Excerpt
Excerpt
The Bingo Queens of Paradise
Once Upon a Time
Paradise, Oklahoma. 1976.
It's Friday night, and Momma's going dancing, so I'll be in charge of Rhonda and Granny again. And when the Rialto closes, when Mr. Jarvis has cleaned up the soda fountain and locked up his drugstore, and the traffic light keeps switching from red to green to yellow for whoever the hell happens by, Preacher Maples will wrestle in the dark with Momma.
The sun's gone down, but it went to one hundred and two degrees today so it's still mighty hot up here. The black metal floor lamp is lit, and on the table next to Momma's ashtray are our leftovers: slices of bread, curled at the comers, warm cherry Kool-Aid, and a few Good Time Baked Beans stuck to our plates.
Me and Rhonda just got outa the tub. I was supposed to wash us and dry us top to bottom, but I skipped parts, so our watery footprints, mine first, Rhonda's kinda pigeon-toed, dog each other across the gritty floor. And we still stink. Not of sweat or Ivory soap, 'cause Ivory costs too much, but of Daisy Fresh which Momma says is just as good but ain't 'cause it gets slimy in the water and makes me and Rhonda smell like two rusty skillets.
Her hair is almost dry, my black curls are dripping wet, and ourdrawers, which ain't seen white in a trillion years, are stuck in the cracks of our butts.
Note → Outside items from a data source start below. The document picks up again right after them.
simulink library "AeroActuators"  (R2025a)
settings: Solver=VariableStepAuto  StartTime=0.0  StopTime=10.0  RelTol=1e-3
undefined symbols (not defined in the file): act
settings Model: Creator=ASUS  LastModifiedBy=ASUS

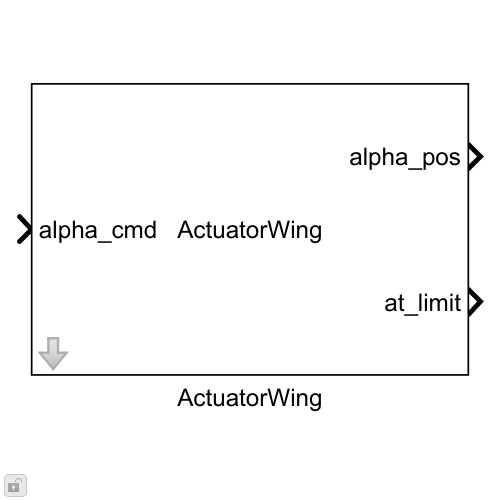
[thumbnail: Simulink's stored preview of the top-level diagram]
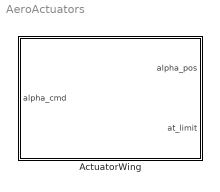
== system AeroActuators ==
  ActuatorWing : Subsystem  mask(Wing Actuator (RT)){tau=act.tau, Ts=0.001, rateLim=act.rateLim, clamp2=act.rwClamp, alpha0=0, limTol=1e-6}
      mask prompts: tau "Lag time constant tau [s]"; Ts "Discrete sample time Ts [s]"; rateLim "Slew-rate limit [deg/s]"; clamp2 "Angle clamp [lo hi] [deg]"; alpha0 "Initial angle alpha0 [deg]"; limTol "at_limit detection tolerance [deg]"
      mask help:
      | Discrete real-time wing-actuator model: command clamp -> first-order lag -> slew-rate limit
      | -> angle clamp.
      |
      | CHAIN (in this order, matching the offline solver's actuator envelope):
      |   alpha_cmd -> CmdClamp        clamp2 = [lo hi] [deg]   (see ANTI-WINDUP below)
      |             -> 1st-order lag   y[k] = a*y[k-1] + (1-a)*u[k],  a = exp(-Ts/tau)  (Unit Delay form)
      |             -> Rate Limiter    +/- rateLim [deg/s]
      |             -> Saturation      clamp2 = [lo hi] [deg]
      |             -> alpha_pos
      |
      | ANTI-WINDUP -- why the command is clamped at the INPUT as well as the output:
      |   The Rate Limiter's state is its own output, which sits BEFORE the output Saturation and is
      |   therefore not bounded by it. Fed a command beyond the mechanical range, that state ramps on
      |   past the end stop while alpha_pos sits still at the clamp, and on reversal the actuator must
      |   first unwind the excess before it moves - measured 1.6 s of phantom dead time for a +40 deg
      |   over-demand against the front-wing clamp [-25 0] (gate section D). A real actuator resting on
      |   an end stop reverses immediately. Clamping alpha_cmd first keeps the lag output, and hence the
      |   Rate Limiter state, inside [lo hi] at all times, which removes the windup without altering the
      |   mandated lag -> rate -> clamp order. For any command already inside clamp2 -- which is every
      |   command the ARFWr ECU issues, its stations being the clamp edges themselves - CmdClamp is a
      |   pass-through and the block is bit-identical to the un-clamped chain. The output Saturation is
      |   kept as the guard for the one remaining path to an out-of-range position, alpha0 set outside
      |   clamp2.
      |
      | OUTPUT 2, at_limit (boolean), is the OR of two simple detectors:
      |   (a) rate-saturated : |lagOut - rateLimOut| > limTol, i.e. the Rate Limiter actually clipped
      |       this step. Measured across the Rate Limiter rather than as a slope of alpha_pos on
      |       purpose: once the position is on a clamp it stops moving, so a slope test on alpha_pos
      |       would read "not slewing" exactly when the actuator is hardest against its command.
      |   (b) at a clamp edge: min(|alpha_pos - clamp2(1)|, |alpha_pos - clamp2(2)|) < limTol. This is
      |       a POSITION test, not a "being pushed against the stop" test - sitting on an edge with a
      |       matching command also reads at_limit = true.
      | limTol is a detection tolerance only; it has no effect on alpha_pos.
      |
      | DEFAULTS bind to the base-workspace struct act (simulink/params/actuatorParams.m), loaded by
      | the ARFWr_RT project startup file simulink/startup/projStartup.m. Ts has no act field, so its
      | default is the 1 ms RT actuator rate literal; override per instance if the harness runs slower.
      | For a front-wing instance set clamp2 = act.fwClamp; the default is the rear wing, act.rwClamp.
      |
      | Gate: simulink/validation/validateActuatorRT.m
      mask Display:
      | disp('ActuatorWing');
      | port_label('input',1,'alpha_cmd');
      | port_label('output',1,'alpha_pos'); port_label('output',2,'at_limit');

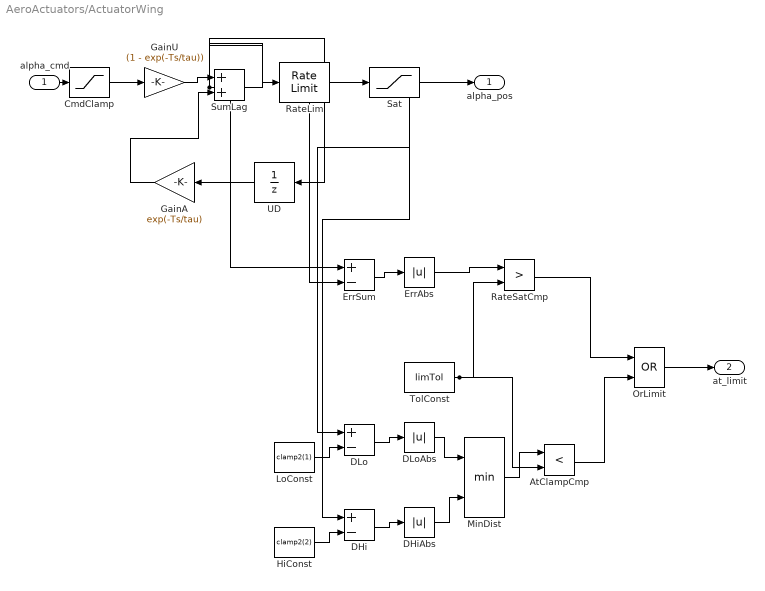
== system AeroActuators/ActuatorWing ==
  alpha_cmd : Inport
  AtClampCmp : RelationalOperator  Operator=<
  CmdClamp : Saturate  UpperLimit=clamp2(2)  LowerLimit=clamp2(1)
  DHi : Sum  Inputs=+-
  DHiAbs : Abs
  DLo : Sum  Inputs=+-
  DLoAbs : Abs
  ErrAbs : Abs
  ErrSum : Sum  Inputs=+-
  GainA : Gain  Gain=exp(-Ts/tau)
  GainU : Gain  Gain=(1 - exp(-Ts/tau))
  HiConst : Constant  Value=clamp2(2)
  LoConst : Constant  Value=clamp2(1)
  MinDist : MinMax  Inputs=2
  OrLimit : Logic  Operator=OR
  RateLim : RateLimiter  RisingSlewLimit=rateLim  FallingSlewLimit=-rateLim  SampleTimeMode=inherited  InitialCondition=alpha0
  RateSatCmp : RelationalOperator  Operator=>
  Sat : Saturate  UpperLimit=clamp2(2)  LowerLimit=clamp2(1)
  SumLag : Sum
  TolConst : Constant  Value=limTol
  UD : UnitDelay  InitialCondition=alpha0  SampleTime=Ts
  alpha_pos : Outport
  at_limit : Outport  Port=2
  wires:
  GainU/1 -> SumLag/1
  SumLag/1 -> RateLim/1, UD/1, ErrSum/1
  RateLim/1 -> Sat/1, ErrSum/2
  Sat/1 -> alpha_pos/1, DLo/1, DHi/1
  UD/1 -> GainA/1
  GainA/1 -> SumLag/2
  ErrSum/1 -> ErrAbs/1
  ErrAbs/1 -> RateSatCmp/1
  TolConst/1 -> RateSatCmp/2, AtClampCmp/2
  LoConst/1 -> DLo/2
  DLo/1 -> DLoAbs/1
  HiConst/1 -> DHi/2
  DHi/1 -> DHiAbs/1
  DLoAbs/1 -> MinDist/1
  DHiAbs/1 -> MinDist/2
  MinDist/1 -> AtClampCmp/1
  RateSatCmp/1 -> OrLimit/1
  AtClampCmp/1 -> OrLimit/2
  OrLimit/1 -> at_limit/1
  alpha_cmd/1 -> CmdClamp/1
  CmdClamp/1 -> GainU/1

We stretch across the back of the orange sofa, Rhonda's sweaty legs curled around mine, and we stare down at Main Street, at two lines of cars and trucks creeping along with their lights on, at folks roaming about in shirts, shorts, and sandals, laughing and smoking.
We live over Macy's Hardware Store. The smell of paint gets into our oatmeal and a fine layer of dust covers our floors, but we can see lots of stuff from up here.
"Close the window," I tell Rhonda, "or them hard little June bugs'll fly in our hair."
"Momma says they send folks crazy, like Granny," she says, scratching the mosquito bite on her butt.
"Granny ain't crazy. Got a lot on her mind, is all."
"What's on at the movies?"
"Bambi. See them two girls in line with their mommas? They're in my class. Cindy Harker's the one with white patent leather shoes-- Henrietta's are black. Elijah said Henrietta's daddy is rich 'cause he buries all the dead folk 'round here."
"Yuk."
"Momma said if we didn't eat for a month I could have a pair of those shoes. I said that was okay with me, but she must've forgot 'cause we're still eating."
"I want black, too."
"It's agin the law for six-year-olds to wear patent leather. You gotta be eight, like me."
"You lie like a rug, Darla."
I pretend I don't hear her. "Stupid the way Cindy and Henrietta are all doodied up. Them starched dresses'll be creased and ugly when they come back out."
"I wanna see Bambi."
"We seen it already."
"That's what you said about Snow White and that was a lie."
"Was not, and shut that window." I leave her to the sofa with its torn cushions, her forehead wrinkled, her chin cupped in her hands, the Rialto's lights reflecting in her eyes.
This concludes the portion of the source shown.